The examples you provide of using jc_compare with the ctFilter come quite close to what we want, and perhaps I'd use the filterQuery option for the BETWEEN part of the WHERE clause:





SELECT count(*) FROM nci_10m WHERE jc_compare(structure, 'c1ccccc1', 'sep=! t:s!ctFilter:logp()>9') = 1;








SELECT count(*) FROM nci_3m WHERE jc_compare(structure, 'O=C1ONC(N1c2ccccc2)-c3ccccc3','sep=! t:s!


ctFilter:(mass() <= 500) && (logP() <= 5) && (donorCount() <= 5) && (acceptorCount() <= 10)') = 1;








In the first example, not only do you look at the logP, you make the structure contain an aromatic ring. I want to skip the aromatic ring part of the query, and just do the other evaluations. Do I make it a null string, or put a 'C' in it (since all the structures will have a Carbon)? I'd rather not do that part of the compare at all...is there a wildcard or an 'Any' type of clause?





Thanks in advance,


Julie

ChemAxon aa7c50abf8

06-07-2005 08:58:19

Julie,





You can use jc_evaluate in the WHERE clause.

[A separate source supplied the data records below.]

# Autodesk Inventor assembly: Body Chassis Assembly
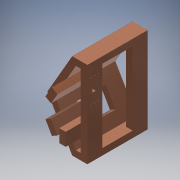
[picture p0: Inventor's stored thumbnail of the model, 180x180]
Saved by Autodesk Inventor 2017 (Build 210142000, 142)
## iProperties
Created: 2018-10-18
Part Number: Body Chassis Assembly
Document SubType Name: Assembly
Designer: Dell
Author: Dell
## Documents named in this file (6)
- C:\Users\Dell\Documents\GitHub\tr2\Body\Body Chassis Assembly.iam
- C:\Users\Dell\Documents\GitHub\tr2\Body\BO01.ipt
- C:\Users\Dell\Documents\GitHub\tr2\Body\BO02.ipt
- C:\Users\Dell\Documents\GitHub\tr2\Body\BO03.ipt
- C:\Users\Dell\Documents\GitHub\tr2\Body\BO14.ipt
- C:\Users\Dell\Documents\GitHub\tr2\Body\BO15.ipt
## Components (15 placed, 5 different names)
1. BO01:1 — Mate:15, Flush:20, Flush:21, Mate:16, Mate:23
2. BO01:2
3. BO02:1 — Mate:20, Flush:25
4. BO02:2
5. BO01:3 — Mate:21
6. BO01:4 — Mate:22
7. BO02:3 — Mate:19, Flush:26
8. BO02:4
9. BO01:5
10. BO01:6 — Flush:22, Flush:23
11. BO03:2 — Flush:22, Flush:23, Mate:16, Flush:24, Mate:17
12. BO14:1 — Mate:15, Flush:20, Flush:21
13. BO15:1 — Flush:24, Mate:17, Mate:23
14. BO15:2 — Mate:20, Flush:25, Mate:21
15. BO15:3 — Mate:19, Flush:26, Mate:22
## Relationships (42: Flush 22, Mate 20)
- [Mate]: BO01:1 ↔ BO01:2
- [Mate]: BO01:1 ↔ BO01:2
- [Flush]: BO01:1 ↔ BO01:2
- [Mate]: BO01:2 ↔ BO02:1
- [Flush]: BO01:2 ↔ BO02:1
- [Flush]: BO01:2 ↔ BO02:1
- [Mate]: BO01:2 ↔ BO02:2
- [Flush]: BO01:2 ↔ BO02:2
- [Flush]: BO01:2 ↔ BO02:2
- [Mate]: BO01:3 ↔ BO01:4
- [Mate]: BO01:3 ↔ BO01:4
- [Flush]: BO01:3 ↔ BO01:4
- [Mate]: BO01:4 ↔ BO02:3
- [Flush]: BO01:4 ↔ BO02:3
- [Flush]: BO01:4 ↔ BO02:3
- [Mate]: BO01:4 ↔ BO02:4
- [Flush]: BO01:4 ↔ BO02:4
- [Flush]: BO01:4 ↔ BO02:4
- [Mate]: BO02:1 ↔ BO01:3
- [Flush]: BO02:1 ↔ BO01:3
- [Flush]: BO02:1 ↔ BO01:3
- [Mate]: BO01:5 ↔ BO01:6
- [Mate]: BO01:5 ↔ BO01:6
- [Flush]: BO01:5 ↔ BO01:6
- [Mate]: BO02:3 ↔ BO01:5
- [Flush]: BO02:3 ↔ BO01:5
- [Flush]: BO02:3 ↔ BO01:5
- Mate:15: BO01:1 ↔ BO14:1
- Flush:20: BO01:1 ↔ BO14:1
- Flush:21: BO01:1 ↔ BO14:1
- Flush:22: BO01:6 ↔ BO03:2
- Flush:23: BO01:6 ↔ BO03:2
- Mate:16: BO01:1 ↔ BO03:2
- Flush:24: BO03:2 ↔ BO15:1
- Mate:17: BO03:2 ↔ BO15:1
- Mate:19: BO02:3 ↔ BO15:3
- Mate:20: BO02:1 ↔ BO15:2
- Flush:25: BO02:1 ↔ BO15:2
- Flush:26: BO02:3 ↔ BO15:3
- Mate:21: BO01:3 ↔ BO15:2
- Mate:22: BO01:4 ↔ BO15:3
- Mate:23 (76.2 mm): BO01:1 ↔ BO15:1
## Named parameters: d8_d30 = 0 mm, d9_d31 = 0 mm, d10_d32 = 0 mm, d12_d2 = 0 mm, d13_d3 = 0 mm, d14_d4 = 0 mm, d15_d5 = 0 mm, d16_d6 = 0 mm, d17_d7 = 0 mm, d18_d8 = 0 mm, d19_d0 = 0 mm, d20_d1 = 0 mm, d24_d2 = 0 mm, d28_d0 = 0 mm, d29_d1 = 0 mm

The point in the docs is to dissuade users as much as possible from structuring their conditions in an "intuitive" way and to stress the performance impact of the selected formulation.





In order to determine the best formulation in terms of performance, I suggest to experiment with the various options available.





The following statement could be a good start:





Code:
select


ct_number, jc_molweight(CD_SMILES) mw, jc_evaluate(CD_SMILES,'fusedAromaticRingCount') FArRg_N


from structure


where ct_number between 340000 and 340055 and jc_evaluate(cd_smiles, 'mass()<= 500 && logp() <=5') = 1;








I believe that a combined mass and logp chemical term will yield the best performance in most cases (as opposed to specifying them with separate jc_evaluate operators).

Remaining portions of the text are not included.